Uma mosquinha-morta apanhada na teia
Lá no escritório, existia um gabinete desocupado e, cuja localização, obrigava um corredor (o que nos levava até ao centro do dito “estaminé”) a fazer um L, ou seja, após passarmos a esquina desse gabinete, o corredor virava à direita, depois à esquerda e finalmente seguia em frente novamente.
A propósito ou não, o patrão (por vezes tinha esse hábito) inventou uma nova “necessidade”, um novo “cargo”, uma lacuna qualquer que ele vislumbrou no organigrama. Nunca saberemos se essa nova “necessidade” apenas surgiu, na sua cabeça, de modo a “compor o ramalhete”, que é como quem diz, de modo a ocupar o tal gabinete vazio, ou então, se era mesmo, uma falta imperdoável e, por isso mesmo, um cargo urgentíssimo a criar, um posto de trabalho imprescindível no bom desempenho da Firma. A verdade é que o plano se pôs em marcha, marcha que implicou uma pequena intervenção no gabinete. O patrão não gostava de gabinetes “opacos”, não gostava que depois de porta fechada, nada se visse, lá dentro, dos gabinetes. E neste caso concreto, dada a essa “necessidade” tão necessária (passe a redundância), o seu futuro ocupante, se estivesse, assim, tão fechadinho, tão “opaco”, no seu cubículo, até não seria de espantar, que uma vez por outra, caísse nos “braços de Morfeu”. Assim sendo, entram em campo as Construções X, especialistas em obras de “Santa Engrácia”, a quem lhes é encomendada a obra de grande vulto, a de substituir um painel de madeira, na esquina do gabinete, por um de vidro, deste modo, no futuro, quem passasse no corredor, podia ver o seu ocupante e o seu, mais que certo, ar compenetrado a desempenhar a sua enigmática, mas “árdua” tarefa. De pronto, o painel de madeira foi retirado, contudo, o vidrinho que o deveria substituir é que demorou um pouco mais a ser lá colocado, ficando o gabinete, por sorte, ainda desocupado, um bocado “esventrado”.

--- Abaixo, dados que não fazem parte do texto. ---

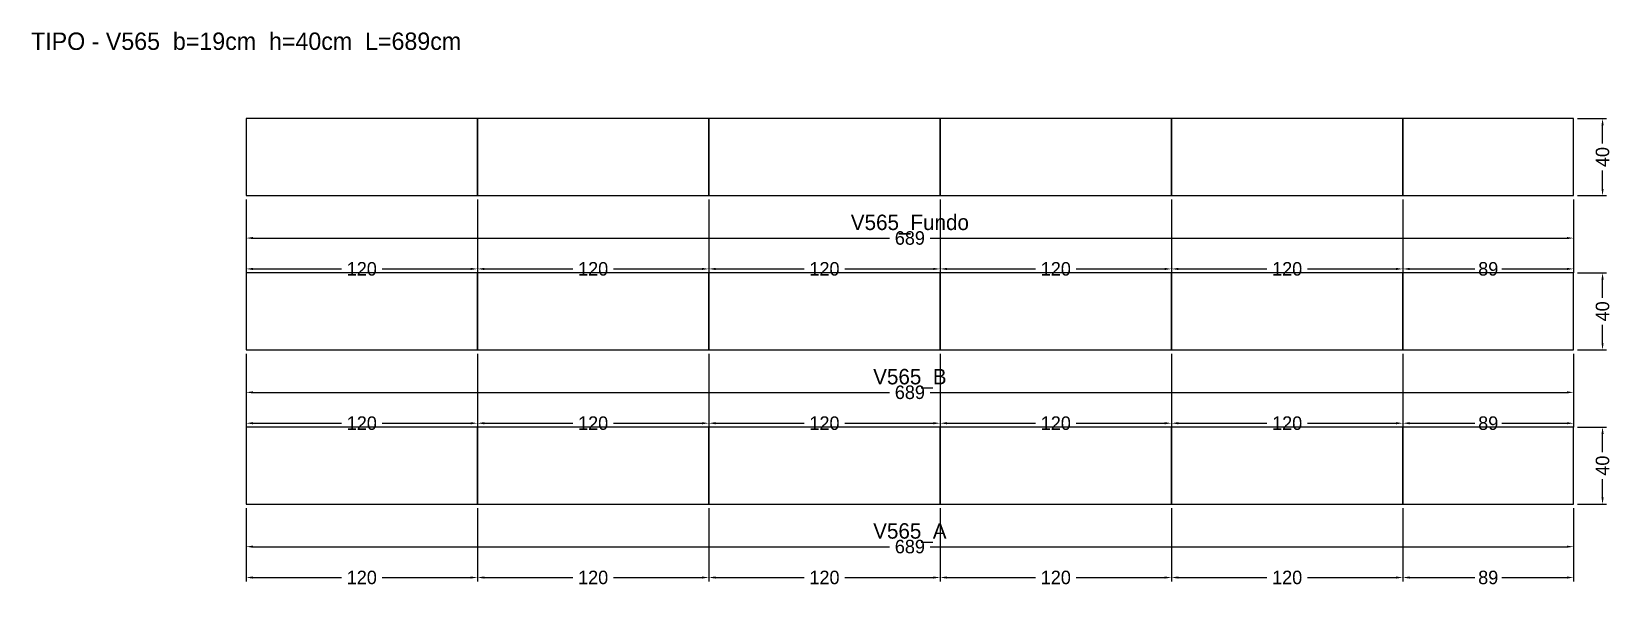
# Model space of a CAD drawing. Header units: metres. Extents: x -111 to 708, y -43 to 245.
import ezdxf

# ---------------------------------------------------------------- set-up
doc = ezdxf.new("R2010")
doc.units = ezdxf.units.M
for name, color, linetype in [('COTA', 3, 'Continuous'), ('NOMENCLATURA', 2, 'Continuous'), ('Paineis', 7, 'Continuous'), ('Texto Secao', 2, 'Continuous')]:
    doc.layers.add(name, color=color, linetype=linetype)
doc.dimstyles.new('COTA_VIG', dxfattribs={"dimtxt": 7, "dimasz": 3.5, "dimexe": 2, "dimexo": 2, "dimgap": 1.5, "dimtad": 1, "dimdec": 1, "dimcen": 2.5, "dimclrd": 3, "dimclre": 3, "dimclrt": 3, "dimazin": 3, "dimtfac": 1, "dimtmove": 0, "dimatfit": 3})

# ---------------------------------------------------------------- blocks, each defined once
blk = doc.blocks.new('_CLOSEDFILLED')
at = {"color": 0, "linetype": 'BYBLOCK'}
blk.add_solid([(-1, 0.16), (0, 0), (-1, -0.16)], dxfattribs=at)
blk = doc.blocks.new('*D1')
at = {"color": 3}
for p, q in [((0, -2), (0, -24)), ((688.6, -2), (688.6, -24)), ((3.5, -22), (333.8, -22)), ((354.8, -22), (685.1, -22))]:
    blk.add_line(p, q, dxfattribs=at)
at = {"layer": 'Defpoints'}
for p in [(0, 0), (688.6, 0), (0, -22)]:
    blk.add_point(p, dxfattribs=at)
at = {"layer": 'COTA', "color": 3, "xscale": 3.5, "yscale": 3.5, "rotation": 180}
blk.add_blockref('_CLOSEDFILLED', (0, -22), dxfattribs=at)
at = {"layer": 'COTA', "color": 3, "xscale": 3.5, "yscale": 3.5}
blk.add_blockref('_CLOSEDFILLED', (688.6, -22), dxfattribs=at)
at = {"layer": 'COTA', "color": 3, "insert": (344.3, -22), "char_height": 7, "attachment_point": 5}
blk.add_mtext('689', dxfattribs=at)
blk = doc.blocks.new('*D2')
at = {"color": 3}
for p, q in [((0, -2), (0, -40)), ((120, -2), (120, -40)), ((3.5, -38), (49.5, -38)), ((70.5, -38), (116.5, -38))]:
    blk.add_line(p, q, dxfattribs=at)
at = {"layer": 'Defpoints'}
for p in [(0, 0), (120, 0), (0, -38)]:
    blk.add_point(p, dxfattribs=at)
at = {"layer": 'COTA', "color": 3, "xscale": 3.5, "yscale": 3.5, "rotation": 180}
blk.add_blockref('_CLOSEDFILLED', (0, -38), dxfattribs=at)
at = {"layer": 'COTA', "color": 3, "xscale": 3.5, "yscale": 3.5}
blk.add_blockref('_CLOSEDFILLED', (120, -38), dxfattribs=at)
at = {"layer": 'COTA', "color": 3, "insert": (60, -38), "char_height": 7, "attachment_point": 5}
blk.add_mtext('120', dxfattribs=at)
blk = doc.blocks.new('*D3')
at = {"color": 3}
for p, q in [((120, -2), (120, -40)), ((240, -2), (240, -40)), ((123.5, -38), (169.5, -38)), ((190.5, -38), (236.5, -38))]:
    blk.add_line(p, q, dxfattribs=at)
at = {"layer": 'Defpoints'}
for p in [(120, 0), (240, 0), (120, -38)]:
    blk.add_point(p, dxfattribs=at)
at = {"layer": 'COTA', "color": 3, "xscale": 3.5, "yscale": 3.5, "rotation": 180}
blk.add_blockref('_CLOSEDFILLED', (120, -38), dxfattribs=at)
at = {"layer": 'COTA', "color": 3, "xscale": 3.5, "yscale": 3.5}
blk.add_blockref('_CLOSEDFILLED', (240, -38), dxfattribs=at)
at = {"layer": 'COTA', "color": 3, "insert": (180, -38), "char_height": 7, "attachment_point": 5}
blk.add_mtext('120', dxfattribs=at)
blk = doc.blocks.new('*D4')
at = {"color": 3}
for p, q in [((240, -2), (240, -40)), ((360, -2), (360, -40)), ((243.5, -38), (289.5, -38)), ((310.5, -38), (356.5, -38))]:
    blk.add_line(p, q, dxfattribs=at)
at = {"layer": 'Defpoints'}
for p in [(240, 0), (360, 0), (240, -38)]:
    blk.add_point(p, dxfattribs=at)
at = {"layer": 'COTA', "color": 3, "xscale": 3.5, "yscale": 3.5, "rotation": 180}
blk.add_blockref('_CLOSEDFILLED', (240, -38), dxfattribs=at)
at = {"layer": 'COTA', "color": 3, "xscale": 3.5, "yscale": 3.5}
blk.add_blockref('_CLOSEDFILLED', (360, -38), dxfattribs=at)
at = {"layer": 'COTA', "color": 3, "insert": (300, -38), "char_height": 7, "attachment_point": 5}
blk.add_mtext('120', dxfattribs=at)
blk = doc.blocks.new('*D5')
at = {"color": 3}
for p, q in [((360, -2), (360, -40)), ((480, -2), (480, -40)), ((363.5, -38), (409.5, -38)), ((430.5, -38), (476.5, -38))]:
    blk.add_line(p, q, dxfattribs=at)
at = {"layer": 'Defpoints'}
for p in [(360, 0), (480, 0), (360, -38)]:
    blk.add_point(p, dxfattribs=at)
at = {"layer": 'COTA', "color": 3, "xscale": 3.5, "yscale": 3.5, "rotation": 180}
blk.add_blockref('_CLOSEDFILLED', (360, -38), dxfattribs=at)
at = {"layer": 'COTA', "color": 3, "xscale": 3.5, "yscale": 3.5}
blk.add_blockref('_CLOSEDFILLED', (480, -38), dxfattribs=at)
at = {"layer": 'COTA', "color": 3, "insert": (420, -38), "char_height": 7, "attachment_point": 5}
blk.add_mtext('120', dxfattribs=at)
blk = doc.blocks.new('*D6')
at = {"color": 3}
for p, q in [((480, -2), (480, -40)), ((600, -2), (600, -40)), ((483.5, -38), (529.5, -38)), ((550.5, -38), (596.5, -38))]:
    blk.add_line(p, q, dxfattribs=at)
at = {"layer": 'Defpoints'}
for p in [(480, 0), (600, 0), (480, -38)]:
    blk.add_point(p, dxfattribs=at)
at = {"layer": 'COTA', "color": 3, "xscale": 3.5, "yscale": 3.5, "rotation": 180}
blk.add_blockref('_CLOSEDFILLED', (480, -38), dxfattribs=at)
at = {"layer": 'COTA', "color": 3, "xscale": 3.5, "yscale": 3.5}
blk.add_blockref('_CLOSEDFILLED', (600, -38), dxfattribs=at)
at = {"layer": 'COTA', "color": 3, "insert": (540, -38), "char_height": 7, "attachment_point": 5}
blk.add_mtext('120', dxfattribs=at)
blk = doc.blocks.new('*D7')
at = {"color": 3}
for p, q in [((600, -2), (600, -40)), ((688.6, -2), (688.6, -40)), ((603.5, -38), (637.3, -38)), ((651.3, -38), (685.1, -38))]:
    blk.add_line(p, q, dxfattribs=at)
at = {"layer": 'Defpoints'}
for p in [(600, 0), (688.6, 0), (600, -38)]:
    blk.add_point(p, dxfattribs=at)
at = {"layer": 'COTA', "color": 3, "xscale": 3.5, "yscale": 3.5, "rotation": 180}
blk.add_blockref('_CLOSEDFILLED', (600, -38), dxfattribs=at)
at = {"layer": 'COTA', "color": 3, "xscale": 3.5, "yscale": 3.5}
blk.add_blockref('_CLOSEDFILLED', (688.6, -38), dxfattribs=at)
at = {"layer": 'COTA', "color": 3, "insert": (644.3, -38), "char_height": 7, "attachment_point": 5}
blk.add_mtext('89', dxfattribs=at)
blk = doc.blocks.new('*D8')
at = {"color": 3}
for p, q in [((690.6, 40), (705.6, 40)), ((703.6, 27), (703.6, 36.5)), ((703.6, 3.5), (703.6, 13)), ((690.6, 0), (705.6, 0))]:
    blk.add_line(p, q, dxfattribs=at)
at = {"layer": 'Defpoints'}
for p in [(688.6, 40), (688.6, 0), (703.6, 0)]:
    blk.add_point(p, dxfattribs=at)
at = {"layer": 'COTA', "color": 3, "xscale": 3.5, "yscale": 3.5}
for p, rotation in [((703.6, 40), 90), ((703.6, 0), 270)]:
    blk.add_blockref('_CLOSEDFILLED', p, dxfattribs=dict(at, rotation=rotation))
at = {"layer": 'COTA', "color": 3, "insert": (703.6, 20), "char_height": 7, "attachment_point": 5, "rotation": 90}
blk.add_mtext('40', dxfattribs=at)
blk = doc.blocks.new('*D9')
at = {"color": 3}
for p, q in [((0, 78), (0, 56)), ((688.6, 78), (688.6, 56)), ((3.5, 58), (333.8, 58)), ((354.8, 58), (685.1, 58))]:
    blk.add_line(p, q, dxfattribs=at)
at = {"layer": 'Defpoints'}
for p in [(0, 80), (688.6, 80), (0, 58)]:
    blk.add_point(p, dxfattribs=at)
at = {"layer": 'COTA', "color": 3, "xscale": 3.5, "yscale": 3.5, "rotation": 180}
blk.add_blockref('_CLOSEDFILLED', (0, 58), dxfattribs=at)
at = {"layer": 'COTA', "color": 3, "xscale": 3.5, "yscale": 3.5}
blk.add_blockref('_CLOSEDFILLED', (688.6, 58), dxfattribs=at)
at = {"layer": 'COTA', "color": 3, "insert": (344.3, 58), "char_height": 7, "attachment_point": 5}
blk.add_mtext('689', dxfattribs=at)
blk = doc.blocks.new('*D10')
at = {"color": 3}
for p, q in [((0, 78), (0, 40)), ((120, 78), (120, 40)), ((3.5, 42), (49.5, 42)), ((70.5, 42), (116.5, 42))]:
    blk.add_line(p, q, dxfattribs=at)
at = {"layer": 'Defpoints'}
for p in [(0, 80), (120, 80), (0, 42)]:
    blk.add_point(p, dxfattribs=at)
at = {"layer": 'COTA', "color": 3, "xscale": 3.5, "yscale": 3.5, "rotation": 180}
blk.add_blockref('_CLOSEDFILLED', (0, 42), dxfattribs=at)
at = {"layer": 'COTA', "color": 3, "xscale": 3.5, "yscale": 3.5}
blk.add_blockref('_CLOSEDFILLED', (120, 42), dxfattribs=at)
at = {"layer": 'COTA', "color": 3, "insert": (60, 42), "char_height": 7, "attachment_point": 5}
blk.add_mtext('120', dxfattribs=at)
blk = doc.blocks.new('*D11')
at = {"color": 3}
for p, q in [((120, 78), (120, 40)), ((240, 78), (240, 40)), ((123.5, 42), (169.5, 42)), ((190.5, 42), (236.5, 42))]:
    blk.add_line(p, q, dxfattribs=at)
at = {"layer": 'Defpoints'}
for p in [(120, 80), (240, 80), (120, 42)]:
    blk.add_point(p, dxfattribs=at)
at = {"layer": 'COTA', "color": 3, "xscale": 3.5, "yscale": 3.5, "rotation": 180}
blk.add_blockref('_CLOSEDFILLED', (120, 42), dxfattribs=at)
at = {"layer": 'COTA', "color": 3, "xscale": 3.5, "yscale": 3.5}
blk.add_blockref('_CLOSEDFILLED', (240, 42), dxfattribs=at)
at = {"layer": 'COTA', "color": 3, "insert": (180, 42), "char_height": 7, "attachment_point": 5}
blk.add_mtext('120', dxfattribs=at)
blk = doc.blocks.new('*D12')
at = {"color": 3}
for p, q in [((240, 78), (240, 40)), ((360, 78), (360, 40)), ((243.5, 42), (289.5, 42)), ((310.5, 42), (356.5, 42))]:
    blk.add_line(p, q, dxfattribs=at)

Neste espaço de tempo, entre mete e não mete o vidro, não é que um colega, com toda a certeza, com os mesmos dotes “visionários” do patrão, viu ali uma oportunidade de, sempre que ia pelo corredor, encurtar caminho, se ia para lá, metia-se pela porta do gabinete e saía pela abertura, aquela que estava “pacientemente” a aguardar o vidrito, se vinha no sentido inverso, aí ia ele direitinho à abertura e aparecia, ao dobrar a esquina, a sair da porta desse gabinete. Enfim, era um entretém, que como está bom de ver, apesar da “celeridade” das obras, tinha os dias contados, o colega foi de férias, e não é que, finalmente, os senhores das Construções X, descobriram o vidro certo para lá colocar e, vejam bem, até o colocaram! No dia em que o colega regressou de férias, vamos os dois a falar pelo corredor fora e eis senão quando, sem dar tempo de o avisar, este se enfia porta adentro, do escuro gabinete e, se vai “esborrachar” contra o vidrinho recentemente ali colocado, tal qual, uma mosquinha, como uma mosca-morta numa enorme teia de aranha!
Nota: Ainda bem que o patrão se lembrou do dito vidrinho, do vidro que mais parecia uma montra, uma montra para o interior do gabinete, um interior que seria tão desinteressante como qualquer outro, não fosse, depois de ocupado, a sua “inquilina”, ter, entre outros atributos, uns olhos esverdeados de tirar a respiração a qualquer um.
Já quanto ao que fazia ali, naquele gabinete, na Firma, até hoje é um verdadeiro mistério para mim.